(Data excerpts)
╔══

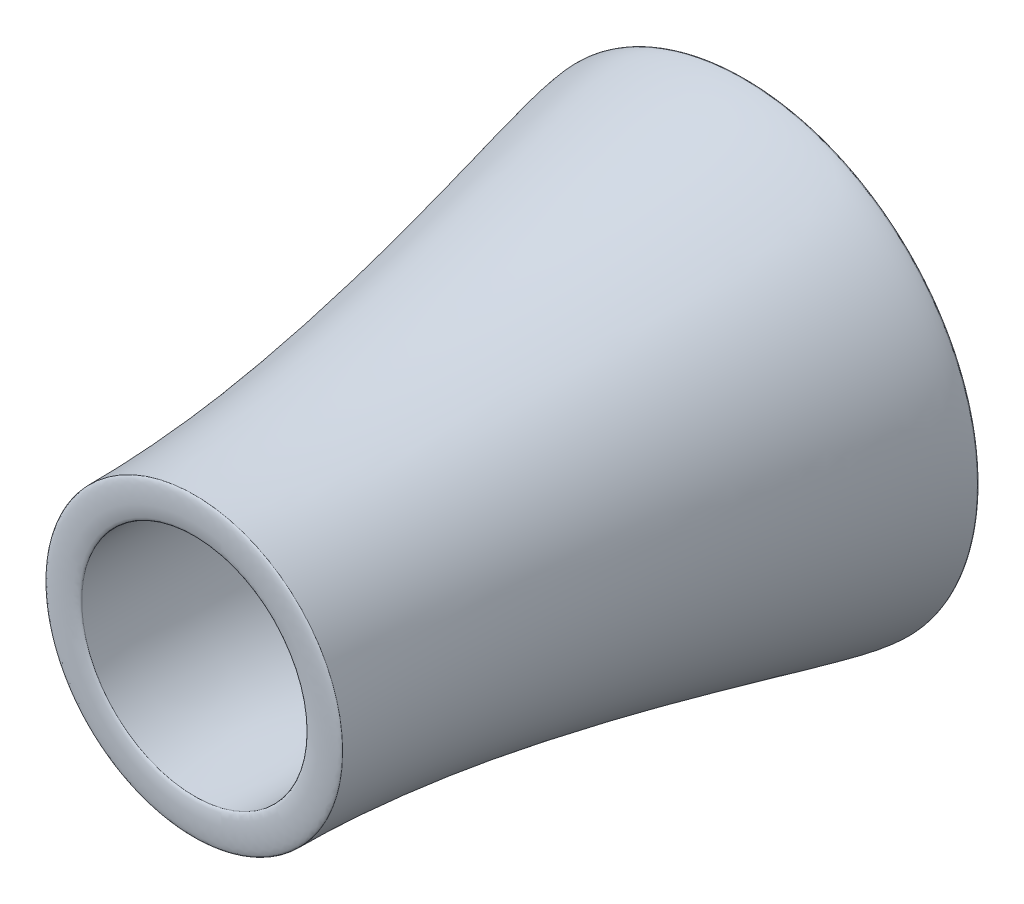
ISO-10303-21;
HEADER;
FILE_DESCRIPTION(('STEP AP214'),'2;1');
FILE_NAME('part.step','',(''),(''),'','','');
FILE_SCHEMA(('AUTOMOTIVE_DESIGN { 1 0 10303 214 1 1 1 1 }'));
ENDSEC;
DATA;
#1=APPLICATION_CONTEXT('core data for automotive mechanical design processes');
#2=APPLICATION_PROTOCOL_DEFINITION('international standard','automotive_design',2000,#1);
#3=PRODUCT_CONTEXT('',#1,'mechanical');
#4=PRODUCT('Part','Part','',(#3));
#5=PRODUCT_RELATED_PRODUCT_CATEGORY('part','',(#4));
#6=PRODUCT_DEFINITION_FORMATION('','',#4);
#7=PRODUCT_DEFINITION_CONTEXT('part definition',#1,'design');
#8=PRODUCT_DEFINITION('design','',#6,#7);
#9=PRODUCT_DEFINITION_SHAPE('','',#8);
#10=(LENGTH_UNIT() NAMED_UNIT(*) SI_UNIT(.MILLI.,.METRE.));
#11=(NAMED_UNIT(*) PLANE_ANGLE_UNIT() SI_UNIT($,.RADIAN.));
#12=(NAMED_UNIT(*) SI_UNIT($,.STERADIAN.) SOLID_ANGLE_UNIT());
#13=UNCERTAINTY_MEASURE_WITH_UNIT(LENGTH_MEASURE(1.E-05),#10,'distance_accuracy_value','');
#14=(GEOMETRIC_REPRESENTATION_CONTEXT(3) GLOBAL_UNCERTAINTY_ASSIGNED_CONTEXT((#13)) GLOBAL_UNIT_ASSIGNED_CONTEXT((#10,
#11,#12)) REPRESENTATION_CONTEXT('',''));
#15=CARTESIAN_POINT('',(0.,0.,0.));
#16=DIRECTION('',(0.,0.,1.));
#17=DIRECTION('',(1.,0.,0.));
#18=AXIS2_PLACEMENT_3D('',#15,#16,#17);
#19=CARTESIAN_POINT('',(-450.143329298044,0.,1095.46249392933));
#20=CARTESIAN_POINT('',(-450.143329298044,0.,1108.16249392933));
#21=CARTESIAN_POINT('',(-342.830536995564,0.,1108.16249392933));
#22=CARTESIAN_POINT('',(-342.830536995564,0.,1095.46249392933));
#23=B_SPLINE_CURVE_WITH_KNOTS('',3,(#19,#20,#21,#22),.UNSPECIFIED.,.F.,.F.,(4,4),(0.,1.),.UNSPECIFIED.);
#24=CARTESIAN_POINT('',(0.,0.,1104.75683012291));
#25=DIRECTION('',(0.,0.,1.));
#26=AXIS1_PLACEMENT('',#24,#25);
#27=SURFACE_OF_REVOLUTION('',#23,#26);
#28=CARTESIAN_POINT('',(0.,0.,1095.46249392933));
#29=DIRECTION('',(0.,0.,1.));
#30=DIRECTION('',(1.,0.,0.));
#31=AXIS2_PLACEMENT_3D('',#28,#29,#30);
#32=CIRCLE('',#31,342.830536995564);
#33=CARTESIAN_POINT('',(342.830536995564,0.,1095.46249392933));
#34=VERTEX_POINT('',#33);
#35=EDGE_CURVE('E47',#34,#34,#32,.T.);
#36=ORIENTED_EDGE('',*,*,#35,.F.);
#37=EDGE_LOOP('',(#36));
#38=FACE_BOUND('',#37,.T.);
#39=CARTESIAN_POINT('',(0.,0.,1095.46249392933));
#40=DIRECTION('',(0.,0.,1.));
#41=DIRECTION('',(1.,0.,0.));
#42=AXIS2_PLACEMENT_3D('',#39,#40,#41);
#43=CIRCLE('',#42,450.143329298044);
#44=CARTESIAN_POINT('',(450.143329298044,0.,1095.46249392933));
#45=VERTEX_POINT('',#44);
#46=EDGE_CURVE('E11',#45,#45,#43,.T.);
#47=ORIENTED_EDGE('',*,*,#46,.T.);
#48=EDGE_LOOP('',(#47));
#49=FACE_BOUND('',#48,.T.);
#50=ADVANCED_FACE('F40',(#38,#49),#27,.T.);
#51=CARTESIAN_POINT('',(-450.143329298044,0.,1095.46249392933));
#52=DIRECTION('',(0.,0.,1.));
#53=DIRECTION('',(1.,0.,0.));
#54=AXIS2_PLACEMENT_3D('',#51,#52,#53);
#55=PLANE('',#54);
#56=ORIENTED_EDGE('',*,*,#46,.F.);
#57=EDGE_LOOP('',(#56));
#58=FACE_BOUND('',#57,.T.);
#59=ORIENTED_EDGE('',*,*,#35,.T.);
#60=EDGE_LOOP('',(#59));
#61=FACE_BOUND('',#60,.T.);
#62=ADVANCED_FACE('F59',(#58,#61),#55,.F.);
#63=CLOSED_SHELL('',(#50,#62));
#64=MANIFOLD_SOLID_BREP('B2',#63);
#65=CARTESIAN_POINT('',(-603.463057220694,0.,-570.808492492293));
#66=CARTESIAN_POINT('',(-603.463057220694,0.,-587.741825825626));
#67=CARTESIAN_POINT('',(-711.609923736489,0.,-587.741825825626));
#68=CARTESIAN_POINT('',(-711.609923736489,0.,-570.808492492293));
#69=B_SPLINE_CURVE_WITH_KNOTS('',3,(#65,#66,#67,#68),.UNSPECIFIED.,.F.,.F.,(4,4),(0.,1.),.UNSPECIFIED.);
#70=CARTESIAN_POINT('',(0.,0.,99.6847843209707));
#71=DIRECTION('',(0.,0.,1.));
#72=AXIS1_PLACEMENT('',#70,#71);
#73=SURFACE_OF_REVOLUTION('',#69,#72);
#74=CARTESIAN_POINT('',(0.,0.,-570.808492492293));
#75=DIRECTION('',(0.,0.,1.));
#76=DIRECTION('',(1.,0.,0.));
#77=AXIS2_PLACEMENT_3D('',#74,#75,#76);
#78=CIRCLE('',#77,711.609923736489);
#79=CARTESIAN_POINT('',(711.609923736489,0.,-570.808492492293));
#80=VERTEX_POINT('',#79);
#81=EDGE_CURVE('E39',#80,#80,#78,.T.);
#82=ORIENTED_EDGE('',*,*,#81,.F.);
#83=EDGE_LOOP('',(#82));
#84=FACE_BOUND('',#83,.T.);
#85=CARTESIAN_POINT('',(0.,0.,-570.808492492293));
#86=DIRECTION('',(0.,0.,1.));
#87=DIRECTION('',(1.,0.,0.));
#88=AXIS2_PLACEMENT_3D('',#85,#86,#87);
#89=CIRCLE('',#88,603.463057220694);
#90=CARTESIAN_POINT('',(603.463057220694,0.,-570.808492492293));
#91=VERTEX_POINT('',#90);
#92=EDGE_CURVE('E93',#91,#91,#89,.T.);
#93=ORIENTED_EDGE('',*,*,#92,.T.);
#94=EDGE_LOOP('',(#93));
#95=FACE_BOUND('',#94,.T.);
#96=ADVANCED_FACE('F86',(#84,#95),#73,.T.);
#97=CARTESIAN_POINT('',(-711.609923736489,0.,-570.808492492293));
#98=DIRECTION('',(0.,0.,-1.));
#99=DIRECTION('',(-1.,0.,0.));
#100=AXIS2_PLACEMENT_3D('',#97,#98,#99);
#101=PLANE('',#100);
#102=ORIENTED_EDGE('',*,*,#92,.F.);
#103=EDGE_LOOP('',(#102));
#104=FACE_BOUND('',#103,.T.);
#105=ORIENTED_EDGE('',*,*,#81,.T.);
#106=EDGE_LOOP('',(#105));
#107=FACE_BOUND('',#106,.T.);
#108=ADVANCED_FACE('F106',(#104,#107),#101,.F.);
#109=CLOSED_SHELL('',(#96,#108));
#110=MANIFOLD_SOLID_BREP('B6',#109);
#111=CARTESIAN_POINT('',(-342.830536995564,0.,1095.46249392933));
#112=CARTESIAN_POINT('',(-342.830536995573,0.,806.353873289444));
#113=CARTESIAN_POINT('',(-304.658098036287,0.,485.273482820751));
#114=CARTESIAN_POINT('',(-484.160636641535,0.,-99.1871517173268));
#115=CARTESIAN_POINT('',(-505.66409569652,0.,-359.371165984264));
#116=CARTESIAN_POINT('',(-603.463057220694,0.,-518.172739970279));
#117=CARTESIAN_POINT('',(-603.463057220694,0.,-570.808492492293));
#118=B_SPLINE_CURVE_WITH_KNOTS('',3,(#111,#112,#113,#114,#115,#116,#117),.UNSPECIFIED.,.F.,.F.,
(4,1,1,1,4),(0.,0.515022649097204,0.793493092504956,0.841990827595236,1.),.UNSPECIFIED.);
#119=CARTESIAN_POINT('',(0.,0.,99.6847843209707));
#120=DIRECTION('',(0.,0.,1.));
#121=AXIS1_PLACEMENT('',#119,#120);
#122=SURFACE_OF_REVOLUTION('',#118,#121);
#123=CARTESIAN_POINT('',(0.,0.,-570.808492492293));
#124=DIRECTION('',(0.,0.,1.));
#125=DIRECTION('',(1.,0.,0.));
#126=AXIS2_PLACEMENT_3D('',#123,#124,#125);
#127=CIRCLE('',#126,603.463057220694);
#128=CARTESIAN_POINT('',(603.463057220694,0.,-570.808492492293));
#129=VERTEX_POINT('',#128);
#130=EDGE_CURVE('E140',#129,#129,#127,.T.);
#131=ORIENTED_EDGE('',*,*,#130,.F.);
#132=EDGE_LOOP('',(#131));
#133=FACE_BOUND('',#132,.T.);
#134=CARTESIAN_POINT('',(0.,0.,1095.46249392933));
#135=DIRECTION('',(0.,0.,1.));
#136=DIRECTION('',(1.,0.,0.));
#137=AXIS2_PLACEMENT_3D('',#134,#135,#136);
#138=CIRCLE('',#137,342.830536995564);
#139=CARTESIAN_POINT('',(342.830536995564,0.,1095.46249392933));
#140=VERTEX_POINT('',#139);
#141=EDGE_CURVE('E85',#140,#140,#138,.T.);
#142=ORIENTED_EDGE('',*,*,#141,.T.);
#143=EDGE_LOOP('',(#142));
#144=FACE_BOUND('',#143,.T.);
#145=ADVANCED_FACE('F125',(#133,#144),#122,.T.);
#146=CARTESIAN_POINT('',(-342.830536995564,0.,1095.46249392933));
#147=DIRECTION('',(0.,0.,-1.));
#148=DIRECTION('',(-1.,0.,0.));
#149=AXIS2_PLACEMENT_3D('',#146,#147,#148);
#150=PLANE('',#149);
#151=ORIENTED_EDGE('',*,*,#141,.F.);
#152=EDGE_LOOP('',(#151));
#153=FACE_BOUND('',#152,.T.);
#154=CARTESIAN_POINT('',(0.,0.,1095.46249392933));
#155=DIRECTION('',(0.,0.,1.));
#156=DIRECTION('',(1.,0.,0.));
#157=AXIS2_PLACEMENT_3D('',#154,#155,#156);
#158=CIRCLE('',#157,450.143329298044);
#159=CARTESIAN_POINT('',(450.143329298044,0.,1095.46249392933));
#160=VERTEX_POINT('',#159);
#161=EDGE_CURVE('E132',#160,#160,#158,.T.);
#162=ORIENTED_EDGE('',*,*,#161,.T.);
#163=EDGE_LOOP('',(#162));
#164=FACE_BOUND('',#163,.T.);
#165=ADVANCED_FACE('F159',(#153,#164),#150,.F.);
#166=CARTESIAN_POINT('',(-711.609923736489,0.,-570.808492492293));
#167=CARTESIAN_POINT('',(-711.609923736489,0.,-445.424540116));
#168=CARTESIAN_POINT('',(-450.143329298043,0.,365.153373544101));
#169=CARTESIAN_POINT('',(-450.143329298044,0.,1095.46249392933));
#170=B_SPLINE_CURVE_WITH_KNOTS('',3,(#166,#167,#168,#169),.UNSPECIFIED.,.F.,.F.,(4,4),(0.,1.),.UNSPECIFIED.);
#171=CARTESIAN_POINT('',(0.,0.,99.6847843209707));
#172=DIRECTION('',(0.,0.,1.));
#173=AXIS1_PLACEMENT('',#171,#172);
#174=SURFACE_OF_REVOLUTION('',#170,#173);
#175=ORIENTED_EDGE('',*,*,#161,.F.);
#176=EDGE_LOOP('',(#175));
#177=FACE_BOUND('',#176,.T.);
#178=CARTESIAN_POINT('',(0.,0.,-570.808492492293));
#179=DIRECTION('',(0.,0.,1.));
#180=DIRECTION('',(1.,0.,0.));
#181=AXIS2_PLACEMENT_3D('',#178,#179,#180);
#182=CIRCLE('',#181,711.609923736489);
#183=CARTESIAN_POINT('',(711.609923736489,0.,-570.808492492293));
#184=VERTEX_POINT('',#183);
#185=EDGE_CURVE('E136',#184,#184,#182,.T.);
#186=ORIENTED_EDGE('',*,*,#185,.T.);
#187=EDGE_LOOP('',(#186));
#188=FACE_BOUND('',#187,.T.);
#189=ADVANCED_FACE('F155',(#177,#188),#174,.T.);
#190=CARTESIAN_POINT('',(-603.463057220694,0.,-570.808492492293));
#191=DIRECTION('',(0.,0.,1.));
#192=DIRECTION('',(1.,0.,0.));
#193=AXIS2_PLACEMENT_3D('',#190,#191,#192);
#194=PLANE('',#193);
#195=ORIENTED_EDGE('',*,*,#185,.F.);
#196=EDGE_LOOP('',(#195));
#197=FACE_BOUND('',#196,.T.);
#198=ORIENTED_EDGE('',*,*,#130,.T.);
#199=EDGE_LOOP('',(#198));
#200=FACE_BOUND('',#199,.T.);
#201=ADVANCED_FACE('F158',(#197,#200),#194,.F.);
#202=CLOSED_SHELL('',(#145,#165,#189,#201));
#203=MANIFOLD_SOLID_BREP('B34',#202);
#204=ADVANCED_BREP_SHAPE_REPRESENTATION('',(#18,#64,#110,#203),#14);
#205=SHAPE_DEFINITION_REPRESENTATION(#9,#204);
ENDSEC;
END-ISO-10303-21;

╚══

Required work: Output the line containing "#201=ADVANCED_FACE('F158',(#197,#200),#194,.F.);" and all lines after it to the end of the records, exactly as given.

Response to the exercise:
#201=ADVANCED_FACE('F158',(#197,#200),#194,.F.);
#202=CLOSED_SHELL('',(#145,#165,#189,#201));
#203=MANIFOLD_SOLID_BREP('B34',#202);
#204=ADVANCED_BREP_SHAPE_REPRESENTATION('',(#18,#64,#110,#203),#14);
#205=SHAPE_DEFINITION_REPRESENTATION(#9,#204);
ENDSEC;
END-ISO-10303-21;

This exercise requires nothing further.